Real-Time Scoring System for Fitness Competitions
Full-stack product development from sensor to screen-hardware, embedded software, web frontend, and production scaling for large-scale European fitness events.
Starting 2026, I took on a full-stack product development project, building a real-time scoring system for fitness competitions held across Europe.
This article goes through the development and delivery of the initial MVP phase, which I'm currently following up with a production-ready system and assembly of 50+ units heading into the field. More on that in a separate article, stay tuned!
Note: All hardware mounts and UI shown here are functional prototypes, the production version will have polished branding and refined designs.
Live Demo
Before going into the project in large, let's just directly start with a live demo to showcase the fully running system. The main parts to focus on is the ball, hit plate, and screen. The goal here is to throw the ball onto the hit plates two main target areas. When it hits, it will be automatically counted by the system. Each target has its own individual count, and works independently.

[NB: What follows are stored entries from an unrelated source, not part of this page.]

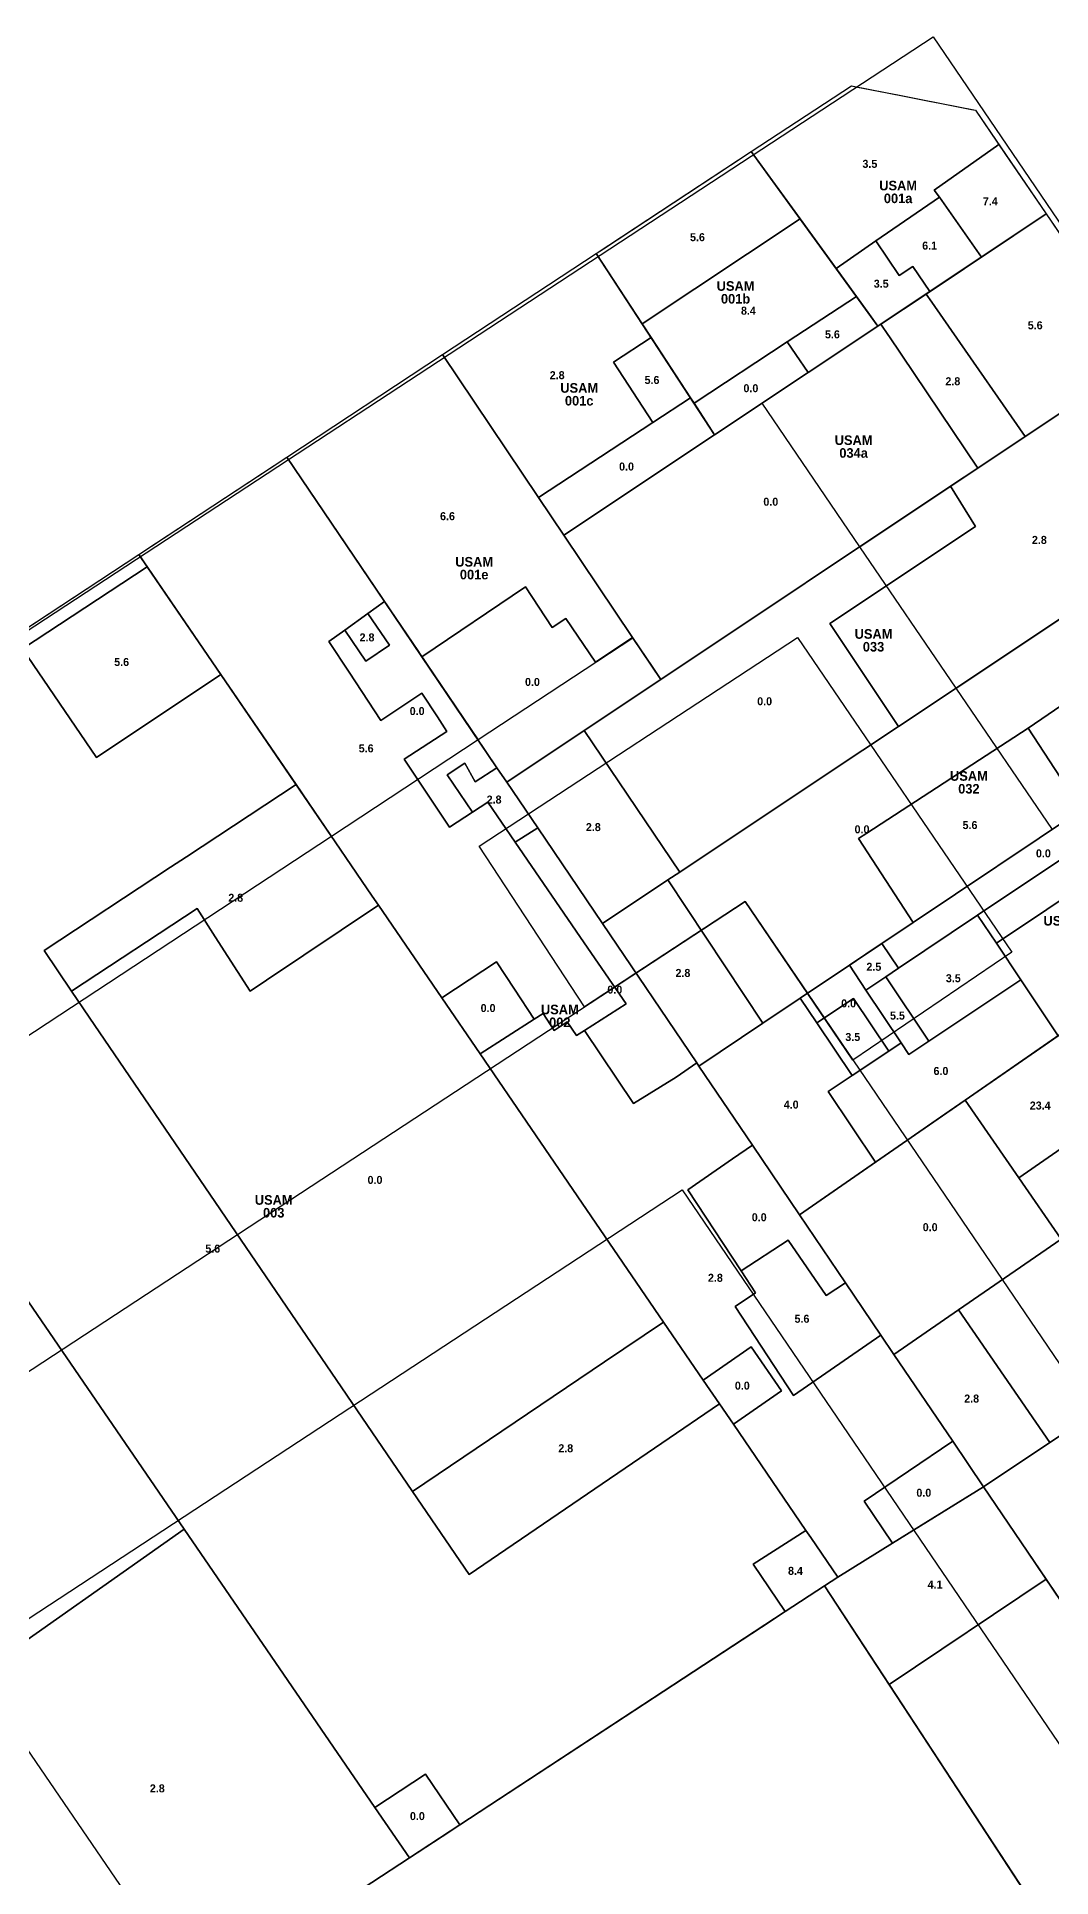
# Model space of a CAD drawing. Header units: metres. Extents: x 6364127 to 6364293, y 6168901 to 6169063.
# Drawn here: x 6364185.4 to 6364232.9, y 6168976.8 to 6169063.1 of the extents above; entities that cross this region are included whole.
import ezdxf
from ezdxf.enums import TextEntityAlignment as Align

# ---------------------------------------------------------------- set-up
doc = ezdxf.new("R2010")
doc.units = ezdxf.units.M
doc.header["$MEASUREMENT"] = 0
doc.linetypes.add('DASHED', pattern=[10, 5, -5])
for name, color, linetype, true_color in [('banda_minima', 1, 'Continuous', 0xe41a1c), ('lfi', 141, 'Continuous', 0x3579b1), ('lib', 2, 'Continuous', 0xffd306), ('manzanas', 250, 'Continuous', 0x404040), ('parcelas', 252, 'Continuous', 0x606060), ('parcelas_etiquetas', 252, 'Continuous', 0x606060), ('tejido', 8, 'Continuous', 0x808080), ('Tronera SI', 141, 'Continuous', 0x3579b1)]:
    doc.layers.add(name, color=color, linetype=linetype, true_color=true_color)
doc.layers.add('ldf', color=7, linetype='Continuous')
doc.styles.add('GOOGLE_SANS', font='GoogleSans-Bold.ttf')

msp = doc.modelspace()

# ---------------------------------------------------------------- linework, layer by layer
at = {"layer": 'banda_minima', "color": 1, "linetype": 'DASHED', "ltscale": 5}
for points in [[(6364232.692, 6169054.75), (6364224.801, 6169049.496), (6364218.863, 6169057.672), (6364223.558, 6169060.759), (6364229.376, 6169059.613), (6364232.692, 6169054.75)], [(6364218.863, 6169057.672), (6364224.801, 6169049.496), (6364217.145, 6169044.4), (6364211.598, 6169052.896), (6364218.863, 6169057.672)], [(6364219.373, 6169045.883), (6364232.692, 6169054.75), (6364237.268, 6169048.033), (6364223.955, 6169039.157), (6364219.373, 6169045.883)], [(6364211.598, 6169052.896), (6364217.145, 6169044.4), (6364210.082, 6169039.698), (6364204.391, 6169048.157), (6364211.598, 6169052.896)], [(6364204.391, 6169048.157), (6364213.315, 6169034.876), (6364206.057, 6169030.104), (6364197.089, 6169043.356), (6364204.391, 6169048.157)], [(6364237.268, 6169048.033), (6364241.79, 6169041.399), (6364228.47, 6169032.531), (6364223.955, 6169039.156), (6364237.268, 6169048.033)], [(6364190.145, 6169038.79), (6364197.089, 6169043.356), (6364206.057, 6169030.104), (6364199.178, 6169025.58), (6364190.145, 6169038.79)], [(6364241.79, 6169041.399), (6364246.284, 6169034.805), (6364232.985, 6169025.908), (6364228.47, 6169032.531), (6364241.79, 6169041.399)], [(6364190.145, 6169038.79), (6364199.178, 6169025.58), (6364179.067, 6169012.357), (6364170.018, 6169025.556), (6364190.145, 6169038.79)]]:
    msp.add_lwpolyline(points, close=True, dxfattribs=at)
at = {"layer": 'ldf'}
for points in [[(6364224.801, 6169049.496), (6364221.531, 6169047.32), (6364217.145, 6169044.4)], [(6364217.145, 6169044.4), (6364210.082, 6169039.698)], [(6364214.618, 6169032.931), (6364214.246, 6169033.487), (6364213.299, 6169034.899), (6364210.082, 6169039.698)], [(6364214.618, 6169032.931), (6364211.028, 6169030.536), (6364207.402, 6169028.118)], [(6364211.887, 6169021.491), (6364208.85, 6169025.978), (6364207.402, 6169028.118)], [(6364216.405, 6169014.816), (6364216.307, 6169014.96), (6364211.887, 6169021.491)], [(6364221.129, 6169007.836), (6364218.914, 6169011.109), (6364216.405, 6169014.816)], [(6364225.552, 6169001.301), (6364224.938, 6169002.207), (6364223.284, 6169004.651), (6364221.129, 6169007.836)], [(6364229.751, 6168995.097), (6364228.309, 6168997.229), (6364225.552, 6169001.301)], [(6364222.299, 6168990.452), (6364222.92, 6168990.859), (6364225.483, 6168992.449), (6364227.042, 6168993.416), (6364229.751, 6168995.097)], [(6364229.751, 6168995.097), (6364227.042, 6168993.416), (6364225.483, 6168992.449), (6364222.92, 6168990.859)], [(6364234.18, 6168988.554), (6364231.823, 6168992.035), (6364229.751, 6168995.097)], [(6364222.92, 6168990.859), (6364222.299, 6168990.452), (6364220.458, 6168989.246), (6364219.789, 6168988.807), (6364205.205, 6168979.25), (6364204.731, 6168978.94), (6364202.833, 6168977.696)], [(6364197.542, 6168974.229), (6364202.833, 6168977.696), (6364204.731, 6168978.94), (6364205.205, 6168979.25), (6364219.789, 6168988.807), (6364220.458, 6168989.246), (6364222.299, 6168990.452)], [(6364202.833, 6168977.696), (6364197.542, 6168974.229), (6364189.524, 6168968.974)]]:
    msp.add_lwpolyline(points, dxfattribs=at)
at = {"layer": 'lfi'}
msp.add_lwpolyline([(6364168.186, 6168989.503), (6364218.569, 6169022.527), (6364251.239, 6168974.504), (6364201.016, 6168941.463), (6364168.186, 6168989.503)], close=True, dxfattribs=at)
at = {"layer": 'lib'}
msp.add_lwpolyline([(6364182.041, 6168987.002), (6364215.63, 6169009.017), (6364237.41, 6168977.002), (6364203.928, 6168954.975), (6364182.041, 6168987.002)], close=True, dxfattribs=at)
at = {"layer": 'manzanas'}
msp.add_lwpolyline([(6364126.62, 6168997.007), (6364227.386, 6169063.054), (6364292.725, 6168967.009), (6364192.279, 6168900.926), (6364126.62, 6168997.007)], close=True, dxfattribs=at)
at = {"layer": 'parcelas'}
for points in [[(6364230.759, 6169057.585), (6364232.692, 6169054.75), (6364228.863, 6169052.201), (6364227.057, 6169050.998), (6364224.938, 6169049.588), (6364224.801, 6169049.496), (6364224.326, 6169050.149), (6364223.794, 6169050.882), (6364221.156, 6169054.516), (6364218.863, 6169057.672), (6364223.558, 6169060.759), (6364223.77, 6169060.717), (6364225.241, 6169060.427), (6364225.732, 6169060.33), (6364227.204, 6169060.04), (6364227.709, 6169059.941), (6364229.181, 6169059.651), (6364229.376, 6169059.613), (6364230.759, 6169057.585)], [(6364223.794, 6169050.882), (6364224.326, 6169050.149), (6364224.801, 6169049.496), (6364221.531, 6169047.32), (6364217.145, 6169044.4), (6364216.178, 6169045.882), (6364216.014, 6169046.133), (6364214.165, 6169048.964), (6364213.745, 6169049.607), (6364211.598, 6169052.896), (6364211.933, 6169053.116), (6364218.529, 6169057.452), (6364218.863, 6169057.672), (6364221.156, 6169054.516), (6364223.794, 6169050.882)], [(6364224.938, 6169049.588), (6364227.057, 6169050.998), (6364228.863, 6169052.201), (6364232.692, 6169054.75), (6364233.255, 6169053.924), (6364233.818, 6169053.097), (6364236.705, 6169048.86), (6364237.268, 6169048.033), (6364236.436, 6169047.479), (6364234.732, 6169046.342), (6364231.704, 6169044.323), (6364229.481, 6169042.841), (6364228.202, 6169041.988), (6364214.618, 6169032.931), (6364214.246, 6169033.487), (6364213.299, 6169034.899), (6364210.082, 6169039.698), (6364217.145, 6169044.4), (6364221.531, 6169047.32), (6364224.801, 6169049.496), (6364224.938, 6169049.588)], [(6364204.391, 6169048.157), (6364211.598, 6169052.896), (6364213.745, 6169049.607), (6364214.165, 6169048.964), (6364216.014, 6169046.133), (6364216.178, 6169045.882), (6364217.145, 6169044.4), (6364210.082, 6169039.698), (6364208.891, 6169041.469), (6364204.391, 6169048.157)], [(6364197.089, 6169043.356), (6364204.391, 6169048.157), (6364208.891, 6169041.469), (6364210.082, 6169039.698), (6364213.299, 6169034.899), (6364214.246, 6169033.487), (6364214.618, 6169032.931), (6364211.028, 6169030.536), (6364207.402, 6169028.118), (6364206.941, 6169028.798), (6364204.971, 6169031.71), (6364203.423, 6169033.997), (6364203.257, 6169034.243), (6364201.673, 6169036.582), (6364197.089, 6169043.356)], [(6364237.268, 6169048.033), (6364238.789, 6169045.802), (6364241.79, 6169041.399), (6364240.625, 6169040.623), (6364233.721, 6169036.027), (6364225.764, 6169030.73), (6364222.428, 6169028.509), (6364215.512, 6169023.905), (6364214.958, 6169023.536), (6364211.887, 6169021.491), (6364208.85, 6169025.978), (6364207.402, 6169028.118), (6364211.028, 6169030.536), (6364214.618, 6169032.931), (6364228.202, 6169041.988), (6364229.481, 6169042.841), (6364231.704, 6169044.323), (6364234.732, 6169046.342), (6364236.436, 6169047.479), (6364237.268, 6169048.033)], [(6364190.145, 6169038.79), (6364190.48, 6169039.01), (6364196.756, 6169043.136), (6364197.089, 6169043.356), (6364201.673, 6169036.582), (6364203.257, 6169034.243), (6364203.423, 6169033.997), (6364204.971, 6169031.71), (6364206.941, 6169028.798), (6364207.402, 6169028.118), (6364208.85, 6169025.978), (6364211.887, 6169021.491), (6364216.307, 6169014.96), (6364216.405, 6169014.816), (6364218.914, 6169011.109), (6364221.129, 6169007.836), (6364223.284, 6169004.651), (6364224.938, 6169002.207), (6364225.552, 6169001.301), (6364228.309, 6168997.229), (6364229.751, 6168995.097), (6364227.042, 6168993.416), (6364225.483, 6168992.449), (6364222.92, 6168990.859), (6364221.648, 6168992.72), (6364221.422, 6168993.051), (6364218.022, 6168998.023), (6364217.366, 6168998.982), (6364216.61, 6169000.087), (6364214.75, 6169002.808), (6364210.938, 6169008.382), (6364206.152, 6169015.381), (6364204.349, 6169018.017), (6364201.378, 6169022.362), (6364201.096, 6169022.775), (6364198.377, 6169026.752), (6364197.518, 6169028.008), (6364193.99, 6169033.168), (6364190.54, 6169038.212), (6364190.145, 6169038.79)], [(6364241.79, 6169041.399), (6364244.043, 6169038.092), (6364246.284, 6169034.805), (6364241.626, 6169031.688), (6364234.347, 6169026.819), (6364226.455, 6169021.539), (6364224.231, 6169020.052), (6364223.411, 6169019.503), (6364221.161, 6169017.998), (6364219.412, 6169016.827), (6364216.405, 6169014.816), (6364216.307, 6169014.96), (6364211.887, 6169021.491), (6364214.958, 6169023.536), (6364215.512, 6169023.905), (6364222.428, 6169028.509), (6364225.764, 6169030.73), (6364233.721, 6169036.027), (6364240.625, 6169040.623), (6364241.79, 6169041.399)], [(6364228.146, 6169012.699), (6364224.53, 6169010.192), (6364221.129, 6169007.836), (6364218.914, 6169011.109), (6364216.405, 6169014.816), (6364219.412, 6169016.827), (6364221.161, 6169017.998), (6364223.411, 6169019.503), (6364224.231, 6169020.052), (6364226.455, 6169021.539), (6364234.347, 6169026.819), (6364241.626, 6169031.688), (6364246.284, 6169034.805), (6364250.697, 6169028.328), (6364249.164, 6169027.265), (6364247.029, 6169025.786), (6364243.049, 6169023.027), (6364237.021, 6169018.85), (6364233.334, 6169016.295), (6364228.899, 6169013.221), (6364228.146, 6169012.699)], [(6364225.552, 6169001.301), (6364224.938, 6169002.207), (6364223.284, 6169004.651), (6364221.129, 6169007.836), (6364224.53, 6169010.192), (6364228.146, 6169012.699), (6364228.899, 6169013.221), (6364233.334, 6169016.295), (6364237.021, 6169018.85), (6364243.049, 6169023.027), (6364247.029, 6169025.786), (6364249.164, 6169027.265), (6364250.697, 6169028.328), (6364255.215, 6169021.697), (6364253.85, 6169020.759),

Real Time Scoring System - Click anywhere on the video thumbnail to load the YouTube video.
The Project
A client needed a hit-detection system for fitness competitions, the kind with thousands of participants across multi-day events in multiple countries.
The requirements in short:
- Reliable counting for each hit
- Instant feedback on big screens
- Dead-simple for event staff
- Robust enough to survive the chaos of live events
I delivered the complete solution - hardware, software, and everything in between.
What I Built
Here is the final MVP/Proof of concept system, which we will dive into further in this article.
Sensor Selection
For selecting the sensors technology to use, I conducted a wide scan of what types were available off the shelf and could be quickly acquired for testing. The main tech I found and focused on was lidar, ultrasonic, and capacitive. After buying each and doing a quick check on what would be required to implement each individual solution, I ended up going with a lidar sensor, where some of the main reasons were:
- interface, simple uart that could directly be connected without any support circuitry or analog with ADC requirements.
- housing, fully enclosed IP65 out of the box, perfect for the clients variations on field usage
- availability and price, not too expensive for the entire product and basically available from all major vendors like Mouser, Farnell, etc
Hit Plate and Mount
With the sensor now chosen, I needed a proof of concept system for testing. This required 2 things, a hit plate and a mount for attaching the sensor to the hit plate.
Getting the hit plate was an off the shelf buy of an existing product, thick steel and basically what the client would use in the final product.
For mounting the sensor, here came a lot of CAD and 3D printing. A lot of iterations were done here, as this part would have to experience shock from the attached plate and non-delicate handling in the field when rigging and teardown of the events.
Compute Unit
For the main compute unit, a Raspberry Pi 5 was chosen for this purpose. As it both can easily run all the required software for sensor data processing and displaying a live interface via its HDMI output. And compared to a normal PC, it's easy to prep a completely provisioned image that can just be put into the unit and boot all that is needed without any interaction. It's also relatively low cost and easy to replace.
Software
Software was developed like any other web-app with a distinct frontend and backend, both containerized for portability and clear dependency boundaries on the final system.
For ease of maintainability, both parts were written in Typescript and put in a monorepo.
The backend was built with NodeJS, and it was responsible for handling:
- live data coming from the sensors
- handling game engine and state for hit detection and counting
- API for frontend to poll and get live streaming events from (SSE)
The Frontend was fully using standard modern web approach with React and Tailwind, and it was responsible for:
- Displaying Live Game state (hits etc.)
- Relaying any user input, like reset, mode change etc.
- Built-in diagnostic tools for field troubleshooting and development
All of this was also designed to be completely offline and not require any network connection. Also to be fully self reliant and handle any errors gracefully, with automatic restarts etc. All of this without ANY interaction needed from an operator/event organizer on either boot or during runtime. Just plug and play!
The interface below is a functional prototype; the production version will feature the client's branding and visual design.
Results
The MVP was delivered fully functional and validated through extensive testing. After hundreds of throws during development and testing sessions, the system proved highly accurate-no missed hits, no unexpected false counts. Hardware and sensors held up reliably throughout, even when pushed hard with rapid consecutive throws. The software runs smoothly on the Raspberry Pi with plenty of headroom. With the core concept validated, the system is now ready for production scale-up (which at the time of writing is fully underway).
Skills Applied
Areas & Work Performed
What This Demonstrates
This project required moving quickly between domains, embedded hardware, web development, 3D printing, and production planning. No handoffs, no waiting on other teams.
If you need someone who can take a product from concept to deployed hardware, let's talk!
Next up
- Replace mockup gui interface with actual nice looking company branding
- Finalize production designs (hardware, mounts, parts)
- Assembly, by myself, of 50+ complete units for end client and ship!